The same personal quality, which permitted Admiral Massera to give a speech condemning death in the same place where dozens of people were murdered by his orders, today allows him to affirm his responsibility without diluting it by blaming his subordinates, but at the same time he says that he only knew of three cases of people who had been disappeared and these because of complaints from their relatives.

To measure the value of a soldier’s word, I want to recall here the last speech that [a former Argentine President] Carlos Pellegrini delivered. Referring to the condition of the military, he said: “It is armed, it has the privilege of being armed in the midst of unarmed citizens. To it we give the keys to our fortresses, our arsenals; with a wave of its sword, battalions move, our fortresses open and all this activity, all this privilege we give it under a single, solitary guarantee, under the guarantee of its honor and its word.” He also added that because of this “the word of a soldier is something sacred; to break it is something more than perjury.”

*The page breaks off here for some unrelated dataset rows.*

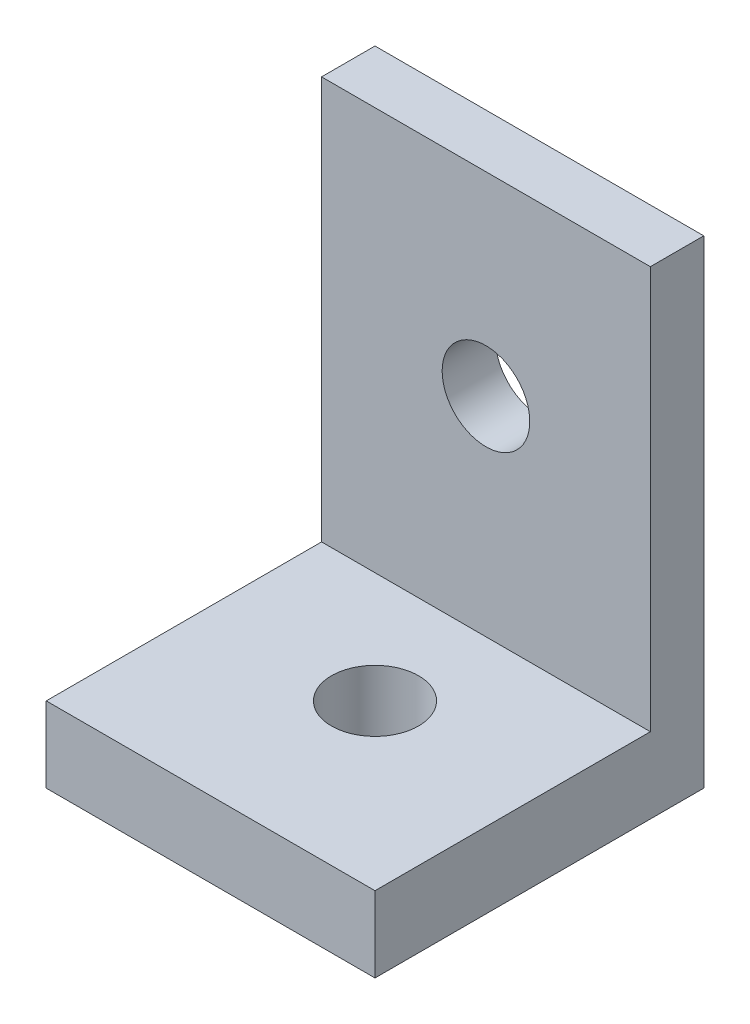
from build123d import *

# Parameters (mm, degrees)
SKETCH1_W           = 20
SKETCH1_H           = 20
SKETCH1_R           = 2.65
BOSS_EXTRUDE1_DEPTH = 4.6
SKETCH2_W           = 20
SKETCH2_H           = 3.25
BOSS_EXTRUDE2_DEPTH = 24.5
SKETCH3_R           = 2.665
CUT_EXTRUDE1_DEPTH  = 37.698910066


with BuildPart() as part:
    # Sketch1 → Boss-Extrude1 (new body)
    with BuildSketch(Plane(origin=(0, 0, 0), x_dir=(1, 0, 0), z_dir=(0, 1, 0))):
        Rectangle(SKETCH1_W, SKETCH1_H)
        with Locations(Location((0, 0, 0), (0, 0, 270))):
            Circle(SKETCH1_R, mode=Mode.SUBTRACT)
    extrude(amount=BOSS_EXTRUDE1_DEPTH)

    # Sketch2 → Boss-Extrude2 (add)
    with BuildSketch(Plane(origin=(0, 4.6, 0), x_dir=(1, 0, 0), z_dir=(0, 1, 0))):
        with Locations((0, 8.375)):
            Rectangle(SKETCH2_W, SKETCH2_H)
    extrude(amount=BOSS_EXTRUDE2_DEPTH)

    # Sketch3 → Cut-Extrude1 (cut, through all)
    with BuildSketch(Plane(origin=(0, 0, -10), x_dir=(-1, 0, 0), z_dir=(0, 0, -1))):
        with Locations((0, 17.275)):
            Circle(SKETCH3_R)
    extrude(amount=-CUT_EXTRUDE1_DEPTH, mode=Mode.SUBTRACT)


solid = part.part

. . . For that reason, those responsible for the commission of these disgraceful acts should be singled out and punished so that those who tortured and robbed for their own benefit are not compared to those who were honest. The prestige of Argentina’s Armed Forces and its officers requires it. The combination of secrecy and lies produced effects that drove Argentine society mad. . . .

However, here it has been proven that newborns, fourteen year olds, an elderly 77 year old woman, pregnant women, workers and industrialists, peasants and bankers, whole families, neighbors of suspects, officials of the Process of National Reorganization [the name by which the military dictatorship referred to itself between 1976 and 1983] and officials of the current government [of Raúl Alfonsín], former ministers of the Peronist government, members of the Communist Party, and a current candidate for the Chamber of Deputies from the Union of the Democratic Center, all were kidnapped. Also an ambassador of the military government, judicial officials, Naval officers, whoever could be devoured by the system. The allegation that only those who violated the law were to be sanctioned obscures reality. In Argentina, we were all in a state of conditional liberty. . . To teach someone to read, to give someone catechism, to request enrollment in school (instauración del boleto escolar), to volunteer in a medical clinic could be dangerous acts. All acts of solidarity were suspected of subversion. . .

Esteemed Justices, I want expressly to deny any pretension to originality to conclude this address. I want to use a phrase that does not belong to me because it belongs to all Argentine people. Esteemed Justices, “Never Again.”